Which post was that?


----------



## GMCPhotographics (Aug 18, 2011)

I don't have any problems with the rumoured specs. Yes I agree that the mp/s is a little low on the FF output for a dual Digic V (32*5=160mp/s). The chipset is more than capable fo delivering 7.5 fps at that resolution. I also don't have a problem with the APS-C and APS-H crop modes. Sure the maths isn't right, but Canon did say that they were researching dual density chips. So it's quite possible that this new sensor has a higher pixel density in the 1.3x zone and 1.6x zone respectively. I'm also wondering if the higher pixel density and the need to split the sensor read out has something to do with the lower fps?

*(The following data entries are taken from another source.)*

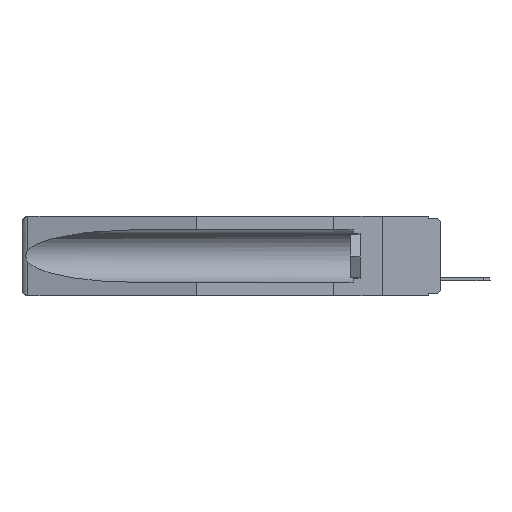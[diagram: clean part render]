
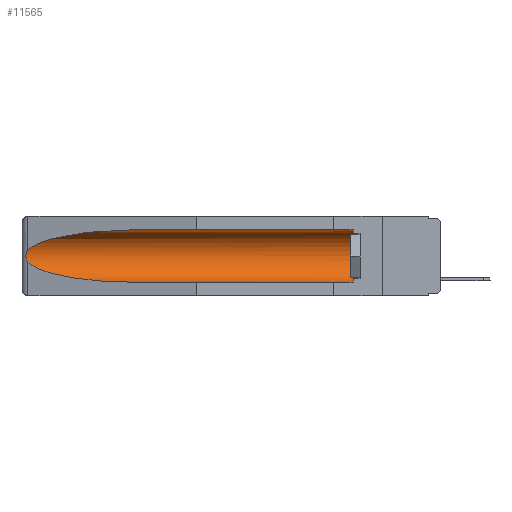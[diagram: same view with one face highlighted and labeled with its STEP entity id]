
A CAD part, left-side view. The second image highlights one B-rep face of the part: STEP entity #11565.
In plain terms, the highlighted cylindrical face has radius 2.857 mm (diameter 5.715 mm), a partial arc.
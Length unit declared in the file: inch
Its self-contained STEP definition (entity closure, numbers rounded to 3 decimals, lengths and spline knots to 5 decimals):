
#716 = CARTESIAN_POINT ( 'NONE',  ( 0.2675, 1.53308, -0.17534 ) ) ;
#1170 = VECTOR ( 'NONE', #1623, 39.37008 ) ;
#1610 =( BOUNDED_CURVE ( )  B_SPLINE_CURVE ( 3, ( #7033, #16130, #12113, #13373 ),
 .UNSPECIFIED., .F., .T. ) 
 B_SPLINE_CURVE_WITH_KNOTS ( ( 4, 4 ),
 ( 4.71239, 6.08839 ),
 .UNSPECIFIED. ) 
 CURVE ( )  GEOMETRIC_REPRESENTATION_ITEM ( )  RATIONAL_B_SPLINE_CURVE ( ( 1., 0.848, 0.848, 1. ) ) 
 REPRESENTATION_ITEM ( '' )  );
#1623 = DIRECTION ( 'NONE',  ( 0., 1., 0. ) ) ;
#2140 = CARTESIAN_POINT ( 'NONE',  ( 0.26597, 1.5296, -0.19026 ) ) ;
#2383 = VERTEX_POINT ( 'NONE', #3987 ) ;
#2525 = CARTESIAN_POINT ( 'NONE',  ( 0.155, 0.126, -0.1715 ) ) ;
#2661 = CARTESIAN_POINT ( 'NONE',  ( 0.155, 0.126, -0.059 ) ) ;
#2679 = CARTESIAN_POINT ( 'NONE',  ( 0.155, 0.126, -0.284 ) ) ;
#2842 = EDGE_CURVE ( 'NONE', #12043, #4312, #9220, .T. ) ;
#3047 = VERTEX_POINT ( 'NONE', #3135 ) ;
#3135 = CARTESIAN_POINT ( 'NONE',  ( 0.26537, 1.52718, -0.14972 ) ) ;
#3469 = ORIENTED_EDGE ( 'NONE', *, *, #11514, .T. ) ;
#3858 = DIRECTION ( 'NONE',  ( 0., -1., 0. ) ) ;
#3898 = EDGE_LOOP ( 'NONE', ( #16170, #13482, #13689, #6797, #4102, #3469 ) ) ;
#3987 = CARTESIAN_POINT ( 'NONE',  ( 0.26537, 1.52718, -0.19328 ) ) ;
#4102 = ORIENTED_EDGE ( 'NONE', *, *, #16102, .T. ) ;
#4303 = EDGE_CURVE ( 'NONE', #3047, #2383, #14264, .T. ) ;
#4312 = VERTEX_POINT ( 'NONE', #5955 ) ;
#4653 = EDGE_CURVE ( 'NONE', #13572, #3047, #1610, .T. ) ;
#5150 = CARTESIAN_POINT ( 'NONE',  ( 0.155, 1.07973, -0.059 ) ) ;
#5274 = DIRECTION ( 'NONE',  ( 0., 1., 0. ) ) ;
#5434 = FACE_OUTER_BOUND ( 'NONE', #3898, .T. ) ;
#5520 = VECTOR ( 'NONE', #6735, 39.37008 ) ;
#5636 = CARTESIAN_POINT ( 'NONE',  ( 0.2673, 1.53269, -0.17917 ) ) ;
#5955 = CARTESIAN_POINT ( 'NONE',  ( 0.155, 1.07973, -0.284 ) ) ;
#6093 = AXIS2_PLACEMENT_3D ( 'NONE', #2525, #3858, #10348 ) ;
#6735 = DIRECTION ( 'NONE',  ( 0., 1., 0. ) ) ;
#6797 = ORIENTED_EDGE ( 'NONE', *, *, #2842, .F. ) ;
#7033 = CARTESIAN_POINT ( 'NONE',  ( 0.155, 1.07973, -0.059 ) ) ;
#7217 = CARTESIAN_POINT ( 'NONE',  ( 0.26537, 1.52718, -0.19328 ) ) ;
#7767 = CYLINDRICAL_SURFACE ( 'NONE', #11446, 0.1125 ) ;
#7977 = CARTESIAN_POINT ( 'NONE',  ( 0.155, -0.30754, -0.284 ) ) ;
#9096 = EDGE_CURVE ( 'NONE', #2383, #4312, #13180, .T. ) ;
#9186 = CARTESIAN_POINT ( 'NONE',  ( 0.155, -0.30754, -0.059 ) ) ;
#9220 = LINE ( 'NONE', #7977, #5520 ) ;
#10348 = DIRECTION ( 'NONE',  ( 0., 0., 1. ) ) ;
#10467 = CARTESIAN_POINT ( 'NONE',  ( 0.25451, 1.48313, -0.24835 ) ) ;
#10509 = CARTESIAN_POINT ( 'NONE',  ( 0.155, -0.30754, -0.1715 ) ) ;
#10608 = CIRCLE ( 'NONE', #6093, 0.1125 ) ;
#11026 = CARTESIAN_POINT ( 'NONE',  ( 0.2673, 1.5327, -0.16383 ) ) ;
#11446 = AXIS2_PLACEMENT_3D ( 'NONE', #10509, #5274, #12863 ) ;
#11514 = EDGE_CURVE ( 'NONE', #13666, #13572, #15639, .T. ) ;
#11565 = ADVANCED_FACE ( 'NONE', ( #5434 ), #7767, .F. ) ;
#11807 = CARTESIAN_POINT ( 'NONE',  ( 0.21114, 1.30732, -0.284 ) ) ;
#11983 = CARTESIAN_POINT ( 'NONE',  ( 0.26654, 1.53092, -0.15636 ) ) ;
#12043 = VERTEX_POINT ( 'NONE', #2679 ) ;
#12113 = CARTESIAN_POINT ( 'NONE',  ( 0.25451, 1.48313, -0.09465 ) ) ;
#12132 = CARTESIAN_POINT ( 'NONE',  ( 0.2675, 1.53308, -0.16763 ) ) ;
#12863 = DIRECTION ( 'NONE',  ( 0., 0., 1. ) ) ;
#13180 =( BOUNDED_CURVE ( )  B_SPLINE_CURVE ( 3, ( #13980, #10467, #11807, #15513 ),
 .UNSPECIFIED., .F., .F. ) 
 B_SPLINE_CURVE_WITH_KNOTS ( ( 4, 4 ),
 ( 0.1948, 1.5708 ),
 .UNSPECIFIED. ) 
 CURVE ( )  GEOMETRIC_REPRESENTATION_ITEM ( )  RATIONAL_B_SPLINE_CURVE ( ( 1., 0.848, 0.848, 1. ) ) 
 REPRESENTATION_ITEM ( '' )  );
#13316 = CARTESIAN_POINT ( 'NONE',  ( 0.26655, 1.53094, -0.18657 ) ) ;
#13373 = CARTESIAN_POINT ( 'NONE',  ( 0.26537, 1.52718, -0.14972 ) ) ;
#13482 = ORIENTED_EDGE ( 'NONE', *, *, #4303, .T. ) ;
#13562 = CARTESIAN_POINT ( 'NONE',  ( 0.26537, 1.52718, -0.14972 ) ) ;
#13572 = VERTEX_POINT ( 'NONE', #5150 ) ;
#13666 = VERTEX_POINT ( 'NONE', #2661 ) ;
#13689 = ORIENTED_EDGE ( 'NONE', *, *, #9096, .T. ) ;
#13980 = CARTESIAN_POINT ( 'NONE',  ( 0.26537, 1.52718, -0.19328 ) ) ;
#14264 = B_SPLINE_CURVE_WITH_KNOTS ( 'NONE', 3,
 ( #13562, #16073, #11983, #11026, #12132, #716, #5636, #13316, #2140, #7217 ),
 .UNSPECIFIED., .F., .F.,
 ( 4, 2, 2, 2, 4 ),
 ( 0., 0.00029, 0.00058, 0.00087, 0.00117 ),
 .UNSPECIFIED. ) ;
#15513 = CARTESIAN_POINT ( 'NONE',  ( 0.155, 1.07973, -0.284 ) ) ;
#15639 = LINE ( 'NONE', #9186, #1170 ) ;
#16073 = CARTESIAN_POINT ( 'NONE',  ( 0.26597, 1.52961, -0.15275 ) ) ;
#16102 = EDGE_CURVE ( 'NONE', #12043, #13666, #10608, .T. ) ;
#16130 = CARTESIAN_POINT ( 'NONE',  ( 0.21114, 1.30732, -0.059 ) ) ;
#16170 = ORIENTED_EDGE ( 'NONE', *, *, #4653, .T. ) ;

As to concearns about the view finder, Canon have implemented an LCD screen in the 7D with grid overlays. I'm sure it's possible for Canon to have corresponding crop lines or even View finder black out crop edges when switching formats. It's not hard or difficult tech to implement. 
I think the big question with this camera is what price point? Also looking at the specs, there's still a lot of processing capacity in the chip set for a higher resolution camera to sit above this unit in canon's heirachy. Maybe a 48mp 5 fps 1DsV? Who knows!


----------



## xtravrt (Aug 19, 2011)

*EF and EF-S lenses?*

I hope the mount takes both EF and EF-S lenses so I can use my 7D lenses on a new body at 1.6x


----------